> _The problem_: Reproduce, exactly and in full, only the lines below from the one containing "#245=CARTESIAN_POINT('',(33.1409404115253,189.291130954761,0.));" through the one containing "#254=LINE('',#253,#252);".
┄┄┄┄┄┄┄┄┄┄┄┄┄┄┄┄┄┄┄┄
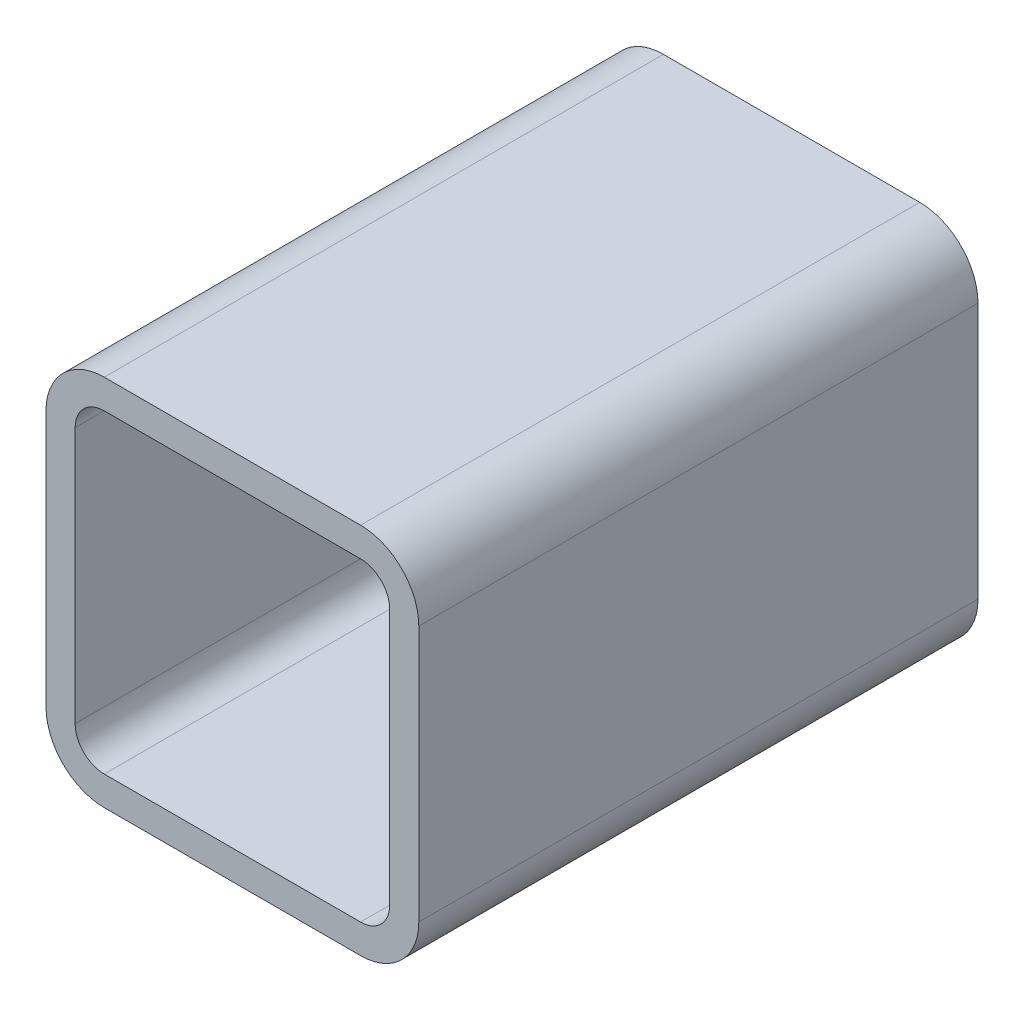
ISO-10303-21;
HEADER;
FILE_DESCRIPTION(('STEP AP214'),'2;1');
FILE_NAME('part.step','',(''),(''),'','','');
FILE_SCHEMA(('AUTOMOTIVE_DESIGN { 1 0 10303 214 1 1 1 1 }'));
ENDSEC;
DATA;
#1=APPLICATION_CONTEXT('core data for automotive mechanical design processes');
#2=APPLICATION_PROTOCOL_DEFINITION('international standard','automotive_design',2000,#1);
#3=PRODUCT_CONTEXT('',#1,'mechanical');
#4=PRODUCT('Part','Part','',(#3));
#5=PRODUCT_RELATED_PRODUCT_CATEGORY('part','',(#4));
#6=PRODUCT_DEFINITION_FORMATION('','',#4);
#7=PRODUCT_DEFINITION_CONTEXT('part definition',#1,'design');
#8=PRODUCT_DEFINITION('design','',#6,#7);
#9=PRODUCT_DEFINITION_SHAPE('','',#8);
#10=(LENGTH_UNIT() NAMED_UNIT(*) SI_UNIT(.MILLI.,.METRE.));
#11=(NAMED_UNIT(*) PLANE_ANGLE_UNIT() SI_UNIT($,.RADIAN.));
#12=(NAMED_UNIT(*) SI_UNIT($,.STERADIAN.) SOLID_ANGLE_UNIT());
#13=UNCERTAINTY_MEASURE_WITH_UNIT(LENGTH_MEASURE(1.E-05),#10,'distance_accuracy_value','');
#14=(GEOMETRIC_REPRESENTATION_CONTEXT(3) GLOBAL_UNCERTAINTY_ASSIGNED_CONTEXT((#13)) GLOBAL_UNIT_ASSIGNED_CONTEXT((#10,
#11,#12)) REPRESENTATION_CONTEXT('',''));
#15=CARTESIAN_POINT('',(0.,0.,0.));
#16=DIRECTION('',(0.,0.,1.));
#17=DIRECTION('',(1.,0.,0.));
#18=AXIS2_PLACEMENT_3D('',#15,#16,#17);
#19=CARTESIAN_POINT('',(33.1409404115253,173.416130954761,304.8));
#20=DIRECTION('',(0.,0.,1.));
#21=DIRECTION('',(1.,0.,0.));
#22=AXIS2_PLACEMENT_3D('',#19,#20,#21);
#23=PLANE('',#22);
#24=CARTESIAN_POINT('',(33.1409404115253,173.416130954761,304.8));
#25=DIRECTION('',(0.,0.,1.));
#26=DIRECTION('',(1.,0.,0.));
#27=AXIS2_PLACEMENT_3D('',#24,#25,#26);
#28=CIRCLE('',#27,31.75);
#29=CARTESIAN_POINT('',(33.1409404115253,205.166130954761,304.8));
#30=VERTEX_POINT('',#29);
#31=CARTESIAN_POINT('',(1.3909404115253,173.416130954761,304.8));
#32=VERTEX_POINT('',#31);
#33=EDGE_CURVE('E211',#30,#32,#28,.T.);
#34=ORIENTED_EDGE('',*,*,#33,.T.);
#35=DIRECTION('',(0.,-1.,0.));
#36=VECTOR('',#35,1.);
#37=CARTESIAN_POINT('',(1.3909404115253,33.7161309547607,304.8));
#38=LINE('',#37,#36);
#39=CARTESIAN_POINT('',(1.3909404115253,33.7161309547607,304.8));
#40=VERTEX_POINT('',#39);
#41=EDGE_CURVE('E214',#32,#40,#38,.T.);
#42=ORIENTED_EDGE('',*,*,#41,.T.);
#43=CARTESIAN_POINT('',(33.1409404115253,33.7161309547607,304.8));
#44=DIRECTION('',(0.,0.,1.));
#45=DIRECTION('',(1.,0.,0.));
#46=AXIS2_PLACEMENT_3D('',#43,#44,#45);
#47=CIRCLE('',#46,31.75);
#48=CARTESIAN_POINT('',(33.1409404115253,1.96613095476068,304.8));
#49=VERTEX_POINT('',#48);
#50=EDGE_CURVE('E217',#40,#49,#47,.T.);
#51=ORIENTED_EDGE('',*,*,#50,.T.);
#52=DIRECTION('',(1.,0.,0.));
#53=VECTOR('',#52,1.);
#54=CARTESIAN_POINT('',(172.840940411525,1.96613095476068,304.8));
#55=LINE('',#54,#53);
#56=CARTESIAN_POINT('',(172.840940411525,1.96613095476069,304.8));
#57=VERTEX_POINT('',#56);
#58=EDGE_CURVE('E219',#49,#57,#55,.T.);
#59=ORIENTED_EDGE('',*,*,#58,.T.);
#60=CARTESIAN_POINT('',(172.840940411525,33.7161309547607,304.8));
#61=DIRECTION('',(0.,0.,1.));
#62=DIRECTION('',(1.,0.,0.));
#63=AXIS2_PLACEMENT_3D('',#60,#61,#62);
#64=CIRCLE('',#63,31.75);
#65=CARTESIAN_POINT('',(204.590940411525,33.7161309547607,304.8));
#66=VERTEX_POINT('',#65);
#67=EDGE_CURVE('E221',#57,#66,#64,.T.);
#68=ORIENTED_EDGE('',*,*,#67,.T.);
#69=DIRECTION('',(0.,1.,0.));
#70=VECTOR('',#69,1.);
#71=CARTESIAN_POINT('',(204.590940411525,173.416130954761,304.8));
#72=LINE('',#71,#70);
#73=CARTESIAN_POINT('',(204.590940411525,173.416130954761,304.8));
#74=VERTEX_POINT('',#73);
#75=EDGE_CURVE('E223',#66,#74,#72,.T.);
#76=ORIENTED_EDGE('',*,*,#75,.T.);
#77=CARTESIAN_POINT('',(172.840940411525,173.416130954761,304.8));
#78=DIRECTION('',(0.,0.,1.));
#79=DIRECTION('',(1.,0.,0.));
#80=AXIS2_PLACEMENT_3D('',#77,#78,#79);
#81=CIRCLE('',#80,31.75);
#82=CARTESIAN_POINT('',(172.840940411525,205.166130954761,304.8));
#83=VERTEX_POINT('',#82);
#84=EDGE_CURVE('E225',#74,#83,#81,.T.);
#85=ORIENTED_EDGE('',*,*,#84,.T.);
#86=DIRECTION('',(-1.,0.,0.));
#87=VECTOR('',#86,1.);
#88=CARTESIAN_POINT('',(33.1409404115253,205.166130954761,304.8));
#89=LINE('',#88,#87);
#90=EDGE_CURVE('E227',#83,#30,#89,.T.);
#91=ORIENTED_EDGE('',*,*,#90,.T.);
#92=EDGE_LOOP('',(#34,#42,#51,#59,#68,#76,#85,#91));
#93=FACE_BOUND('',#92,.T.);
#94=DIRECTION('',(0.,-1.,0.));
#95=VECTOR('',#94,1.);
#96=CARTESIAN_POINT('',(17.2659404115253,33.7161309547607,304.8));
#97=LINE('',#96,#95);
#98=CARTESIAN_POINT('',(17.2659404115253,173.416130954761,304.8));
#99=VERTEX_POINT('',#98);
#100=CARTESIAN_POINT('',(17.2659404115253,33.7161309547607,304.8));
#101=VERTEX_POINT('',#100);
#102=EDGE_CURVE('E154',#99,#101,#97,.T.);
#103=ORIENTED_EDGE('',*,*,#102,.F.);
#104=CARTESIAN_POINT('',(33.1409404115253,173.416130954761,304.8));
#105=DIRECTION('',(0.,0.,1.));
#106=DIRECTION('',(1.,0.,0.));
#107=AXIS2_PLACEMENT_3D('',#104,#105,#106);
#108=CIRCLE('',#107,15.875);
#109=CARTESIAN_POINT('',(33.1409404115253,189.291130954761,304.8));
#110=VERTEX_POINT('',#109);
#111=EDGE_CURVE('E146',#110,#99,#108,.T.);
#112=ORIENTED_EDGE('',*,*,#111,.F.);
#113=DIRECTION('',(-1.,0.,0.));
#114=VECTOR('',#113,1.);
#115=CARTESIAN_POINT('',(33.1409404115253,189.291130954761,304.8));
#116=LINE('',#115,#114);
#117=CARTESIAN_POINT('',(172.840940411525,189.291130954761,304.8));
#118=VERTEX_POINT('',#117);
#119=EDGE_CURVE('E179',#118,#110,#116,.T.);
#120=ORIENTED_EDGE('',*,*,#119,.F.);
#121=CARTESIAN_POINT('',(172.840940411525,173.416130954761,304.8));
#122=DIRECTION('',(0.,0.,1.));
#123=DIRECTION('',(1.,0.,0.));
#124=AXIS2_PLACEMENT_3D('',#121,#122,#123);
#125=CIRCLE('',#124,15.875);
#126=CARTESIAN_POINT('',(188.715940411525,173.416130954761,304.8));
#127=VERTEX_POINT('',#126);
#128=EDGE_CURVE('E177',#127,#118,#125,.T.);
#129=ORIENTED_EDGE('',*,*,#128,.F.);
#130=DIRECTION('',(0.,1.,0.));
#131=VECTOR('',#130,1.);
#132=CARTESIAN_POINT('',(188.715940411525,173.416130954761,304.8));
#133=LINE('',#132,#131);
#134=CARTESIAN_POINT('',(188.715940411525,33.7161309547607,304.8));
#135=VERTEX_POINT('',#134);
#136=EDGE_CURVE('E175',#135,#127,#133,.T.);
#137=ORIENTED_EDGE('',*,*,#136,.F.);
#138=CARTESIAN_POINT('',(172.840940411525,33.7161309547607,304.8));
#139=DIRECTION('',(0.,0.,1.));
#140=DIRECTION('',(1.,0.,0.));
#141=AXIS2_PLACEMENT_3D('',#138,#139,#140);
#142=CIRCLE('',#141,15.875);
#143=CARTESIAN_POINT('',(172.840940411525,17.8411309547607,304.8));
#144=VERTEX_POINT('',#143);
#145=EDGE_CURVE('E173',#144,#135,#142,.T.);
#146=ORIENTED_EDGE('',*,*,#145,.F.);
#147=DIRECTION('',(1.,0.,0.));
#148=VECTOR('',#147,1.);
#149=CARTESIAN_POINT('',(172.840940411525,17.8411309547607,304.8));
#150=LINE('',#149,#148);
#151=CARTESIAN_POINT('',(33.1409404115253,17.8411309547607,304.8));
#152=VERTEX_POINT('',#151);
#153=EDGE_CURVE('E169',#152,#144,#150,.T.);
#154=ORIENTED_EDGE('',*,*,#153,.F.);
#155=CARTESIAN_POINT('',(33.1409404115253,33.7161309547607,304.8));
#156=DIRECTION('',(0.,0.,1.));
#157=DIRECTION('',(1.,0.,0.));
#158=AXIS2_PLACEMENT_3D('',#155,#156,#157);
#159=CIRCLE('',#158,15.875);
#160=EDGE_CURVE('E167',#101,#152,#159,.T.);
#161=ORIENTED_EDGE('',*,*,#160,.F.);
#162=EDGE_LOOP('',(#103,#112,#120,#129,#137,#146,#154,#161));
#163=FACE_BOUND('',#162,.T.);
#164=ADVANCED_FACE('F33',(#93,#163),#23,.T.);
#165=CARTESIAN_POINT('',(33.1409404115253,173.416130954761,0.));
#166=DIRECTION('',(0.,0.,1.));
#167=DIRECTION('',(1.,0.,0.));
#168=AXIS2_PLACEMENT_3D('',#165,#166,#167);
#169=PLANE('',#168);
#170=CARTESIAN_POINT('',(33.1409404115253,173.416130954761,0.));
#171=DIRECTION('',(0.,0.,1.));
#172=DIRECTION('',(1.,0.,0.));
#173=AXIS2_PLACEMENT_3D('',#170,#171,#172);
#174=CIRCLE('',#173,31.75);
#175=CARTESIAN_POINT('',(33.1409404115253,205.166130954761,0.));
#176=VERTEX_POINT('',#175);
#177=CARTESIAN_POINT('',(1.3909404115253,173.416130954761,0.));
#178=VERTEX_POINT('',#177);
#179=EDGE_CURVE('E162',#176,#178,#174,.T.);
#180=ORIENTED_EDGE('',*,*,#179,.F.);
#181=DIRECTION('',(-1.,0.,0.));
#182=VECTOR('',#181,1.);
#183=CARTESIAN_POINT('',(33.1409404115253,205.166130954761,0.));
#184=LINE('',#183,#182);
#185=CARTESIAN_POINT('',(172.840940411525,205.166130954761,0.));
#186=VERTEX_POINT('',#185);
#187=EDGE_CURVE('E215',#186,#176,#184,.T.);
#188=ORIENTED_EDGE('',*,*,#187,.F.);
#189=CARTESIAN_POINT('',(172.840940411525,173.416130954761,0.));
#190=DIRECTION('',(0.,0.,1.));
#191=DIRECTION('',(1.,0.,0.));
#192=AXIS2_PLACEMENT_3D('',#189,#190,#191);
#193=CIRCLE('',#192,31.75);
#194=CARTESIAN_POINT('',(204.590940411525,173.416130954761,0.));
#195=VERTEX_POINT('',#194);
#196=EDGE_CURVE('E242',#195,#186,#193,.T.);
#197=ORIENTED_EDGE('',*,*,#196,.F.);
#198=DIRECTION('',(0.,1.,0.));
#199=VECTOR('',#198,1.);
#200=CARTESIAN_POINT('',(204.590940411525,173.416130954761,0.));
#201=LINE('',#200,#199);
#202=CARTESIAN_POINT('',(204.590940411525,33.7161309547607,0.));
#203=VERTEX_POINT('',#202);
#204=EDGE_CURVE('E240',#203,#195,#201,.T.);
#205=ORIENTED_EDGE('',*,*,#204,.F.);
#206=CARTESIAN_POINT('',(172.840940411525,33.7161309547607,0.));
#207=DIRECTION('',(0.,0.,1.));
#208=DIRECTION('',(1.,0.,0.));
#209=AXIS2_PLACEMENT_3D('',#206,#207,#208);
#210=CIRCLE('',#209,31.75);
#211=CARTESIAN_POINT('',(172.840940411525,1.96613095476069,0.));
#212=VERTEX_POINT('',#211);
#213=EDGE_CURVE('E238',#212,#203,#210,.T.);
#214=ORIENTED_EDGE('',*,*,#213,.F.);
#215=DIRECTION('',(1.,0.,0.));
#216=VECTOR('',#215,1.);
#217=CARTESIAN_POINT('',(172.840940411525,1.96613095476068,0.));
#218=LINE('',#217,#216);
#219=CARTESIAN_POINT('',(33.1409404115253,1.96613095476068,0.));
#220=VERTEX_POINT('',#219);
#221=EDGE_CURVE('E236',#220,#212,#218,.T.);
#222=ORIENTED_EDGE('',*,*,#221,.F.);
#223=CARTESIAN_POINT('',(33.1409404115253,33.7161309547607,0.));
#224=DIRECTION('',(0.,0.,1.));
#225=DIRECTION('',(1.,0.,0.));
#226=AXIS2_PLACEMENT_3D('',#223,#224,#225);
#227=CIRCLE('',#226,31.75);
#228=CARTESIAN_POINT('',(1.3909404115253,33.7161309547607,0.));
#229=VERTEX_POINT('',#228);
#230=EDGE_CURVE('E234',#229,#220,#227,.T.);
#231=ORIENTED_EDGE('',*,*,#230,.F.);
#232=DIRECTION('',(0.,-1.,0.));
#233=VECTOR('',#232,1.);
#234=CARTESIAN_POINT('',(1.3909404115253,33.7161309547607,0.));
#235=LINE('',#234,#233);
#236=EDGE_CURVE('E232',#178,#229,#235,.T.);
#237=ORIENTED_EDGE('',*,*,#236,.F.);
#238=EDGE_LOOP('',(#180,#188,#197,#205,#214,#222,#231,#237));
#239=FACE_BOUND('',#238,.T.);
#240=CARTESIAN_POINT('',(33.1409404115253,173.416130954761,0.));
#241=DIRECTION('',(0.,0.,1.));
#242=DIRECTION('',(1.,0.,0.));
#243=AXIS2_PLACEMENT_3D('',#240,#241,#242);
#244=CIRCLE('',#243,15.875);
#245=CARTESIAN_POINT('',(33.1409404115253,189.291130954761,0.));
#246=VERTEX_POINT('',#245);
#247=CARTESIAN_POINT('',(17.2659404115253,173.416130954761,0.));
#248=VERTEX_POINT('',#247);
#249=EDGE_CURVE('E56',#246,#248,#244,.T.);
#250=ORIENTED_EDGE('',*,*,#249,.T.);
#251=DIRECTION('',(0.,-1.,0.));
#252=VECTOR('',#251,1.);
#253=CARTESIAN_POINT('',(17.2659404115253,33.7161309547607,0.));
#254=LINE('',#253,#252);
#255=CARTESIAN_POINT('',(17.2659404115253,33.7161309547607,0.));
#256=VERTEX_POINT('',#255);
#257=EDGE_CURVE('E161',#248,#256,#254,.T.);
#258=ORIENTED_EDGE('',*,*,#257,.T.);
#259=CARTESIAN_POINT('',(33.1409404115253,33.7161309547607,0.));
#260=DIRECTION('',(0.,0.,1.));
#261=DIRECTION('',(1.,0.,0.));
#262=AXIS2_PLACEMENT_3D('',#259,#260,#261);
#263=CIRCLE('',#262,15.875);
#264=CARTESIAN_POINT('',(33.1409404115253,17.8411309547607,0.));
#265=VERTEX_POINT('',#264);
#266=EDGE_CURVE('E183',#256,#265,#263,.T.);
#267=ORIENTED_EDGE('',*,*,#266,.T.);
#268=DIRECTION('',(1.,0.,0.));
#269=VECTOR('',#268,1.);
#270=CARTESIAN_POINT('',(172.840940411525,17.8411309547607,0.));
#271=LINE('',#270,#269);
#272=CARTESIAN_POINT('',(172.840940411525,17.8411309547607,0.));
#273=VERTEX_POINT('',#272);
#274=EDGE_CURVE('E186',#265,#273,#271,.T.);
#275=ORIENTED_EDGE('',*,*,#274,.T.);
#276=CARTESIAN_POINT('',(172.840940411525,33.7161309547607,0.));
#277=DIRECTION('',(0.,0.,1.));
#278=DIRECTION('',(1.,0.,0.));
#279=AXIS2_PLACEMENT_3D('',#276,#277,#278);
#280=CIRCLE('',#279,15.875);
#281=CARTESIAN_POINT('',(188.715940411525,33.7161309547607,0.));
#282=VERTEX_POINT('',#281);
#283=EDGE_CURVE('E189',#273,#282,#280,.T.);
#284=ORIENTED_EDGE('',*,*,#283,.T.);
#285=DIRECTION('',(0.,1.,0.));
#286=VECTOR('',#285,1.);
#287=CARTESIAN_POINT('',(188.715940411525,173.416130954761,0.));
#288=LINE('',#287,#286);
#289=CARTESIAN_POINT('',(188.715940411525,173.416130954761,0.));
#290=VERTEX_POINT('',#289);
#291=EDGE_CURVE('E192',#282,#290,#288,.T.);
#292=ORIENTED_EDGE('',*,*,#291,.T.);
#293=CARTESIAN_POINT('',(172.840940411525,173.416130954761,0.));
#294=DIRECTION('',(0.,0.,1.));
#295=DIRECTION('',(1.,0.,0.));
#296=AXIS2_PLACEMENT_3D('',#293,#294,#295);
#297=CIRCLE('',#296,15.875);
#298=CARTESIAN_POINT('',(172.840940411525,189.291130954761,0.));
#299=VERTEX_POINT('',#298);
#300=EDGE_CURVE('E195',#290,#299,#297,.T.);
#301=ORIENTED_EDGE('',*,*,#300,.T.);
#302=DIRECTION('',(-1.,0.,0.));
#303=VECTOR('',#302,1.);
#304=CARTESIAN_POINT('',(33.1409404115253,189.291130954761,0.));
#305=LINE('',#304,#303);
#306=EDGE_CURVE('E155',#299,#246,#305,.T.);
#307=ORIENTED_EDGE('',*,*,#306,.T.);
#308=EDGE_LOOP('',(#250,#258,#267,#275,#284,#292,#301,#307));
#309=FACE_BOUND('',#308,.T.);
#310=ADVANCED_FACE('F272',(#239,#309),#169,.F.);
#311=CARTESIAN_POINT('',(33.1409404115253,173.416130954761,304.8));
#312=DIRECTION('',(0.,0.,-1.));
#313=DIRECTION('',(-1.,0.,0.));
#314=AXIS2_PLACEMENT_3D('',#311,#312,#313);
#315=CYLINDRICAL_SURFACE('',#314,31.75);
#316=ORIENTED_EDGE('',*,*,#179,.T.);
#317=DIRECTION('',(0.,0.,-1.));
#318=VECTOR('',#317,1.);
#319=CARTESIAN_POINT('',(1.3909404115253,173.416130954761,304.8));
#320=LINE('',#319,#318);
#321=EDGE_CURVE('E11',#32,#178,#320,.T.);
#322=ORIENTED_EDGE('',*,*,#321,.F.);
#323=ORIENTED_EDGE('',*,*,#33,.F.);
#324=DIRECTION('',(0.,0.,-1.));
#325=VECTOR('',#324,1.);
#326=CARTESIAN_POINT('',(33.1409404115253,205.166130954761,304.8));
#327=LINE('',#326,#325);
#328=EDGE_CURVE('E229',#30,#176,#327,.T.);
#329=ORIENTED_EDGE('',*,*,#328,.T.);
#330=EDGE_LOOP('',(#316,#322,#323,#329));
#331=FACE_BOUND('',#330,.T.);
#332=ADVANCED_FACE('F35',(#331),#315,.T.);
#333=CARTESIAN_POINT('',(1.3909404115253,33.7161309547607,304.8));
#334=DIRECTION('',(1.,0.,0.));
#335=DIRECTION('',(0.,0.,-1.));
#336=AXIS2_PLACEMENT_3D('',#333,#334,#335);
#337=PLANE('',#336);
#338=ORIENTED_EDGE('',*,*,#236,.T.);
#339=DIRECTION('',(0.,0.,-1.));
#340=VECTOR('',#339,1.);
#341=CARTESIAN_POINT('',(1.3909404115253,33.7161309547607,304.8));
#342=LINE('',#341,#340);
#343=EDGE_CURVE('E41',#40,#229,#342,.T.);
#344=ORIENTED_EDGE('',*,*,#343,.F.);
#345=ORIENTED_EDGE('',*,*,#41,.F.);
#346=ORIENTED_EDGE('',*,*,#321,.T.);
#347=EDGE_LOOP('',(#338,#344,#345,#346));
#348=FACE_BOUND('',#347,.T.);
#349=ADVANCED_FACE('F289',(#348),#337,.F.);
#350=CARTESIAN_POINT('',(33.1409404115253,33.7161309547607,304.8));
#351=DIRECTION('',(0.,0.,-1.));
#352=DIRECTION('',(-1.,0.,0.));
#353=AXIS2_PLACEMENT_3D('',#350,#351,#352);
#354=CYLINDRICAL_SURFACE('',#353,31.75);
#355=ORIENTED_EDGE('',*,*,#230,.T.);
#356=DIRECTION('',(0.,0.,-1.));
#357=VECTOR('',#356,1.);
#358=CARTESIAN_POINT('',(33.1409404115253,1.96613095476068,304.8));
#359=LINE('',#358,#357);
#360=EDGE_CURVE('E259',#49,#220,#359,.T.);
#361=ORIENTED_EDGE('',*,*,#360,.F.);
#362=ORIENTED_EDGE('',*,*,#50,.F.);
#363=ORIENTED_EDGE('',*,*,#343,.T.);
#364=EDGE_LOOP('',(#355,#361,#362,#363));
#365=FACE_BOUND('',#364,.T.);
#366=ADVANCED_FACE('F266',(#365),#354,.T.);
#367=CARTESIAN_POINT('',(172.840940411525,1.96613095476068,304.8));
┄┄┄┄┄┄┄┄┄┄┄┄┄┄┄┄┄┄┄┄
> _Answer space_:
#245=CARTESIAN_POINT('',(33.1409404115253,189.291130954761,0.));
#246=VERTEX_POINT('',#245);
#247=CARTESIAN_POINT('',(17.2659404115253,173.416130954761,0.));
#248=VERTEX_POINT('',#247);
#249=EDGE_CURVE('E56',#246,#248,#244,.T.);
#250=ORIENTED_EDGE('',*,*,#249,.T.);
#251=DIRECTION('',(0.,-1.,0.));
#252=VECTOR('',#251,1.);
#253=CARTESIAN_POINT('',(17.2659404115253,33.7161309547607,0.));
#254=LINE('',#253,#252);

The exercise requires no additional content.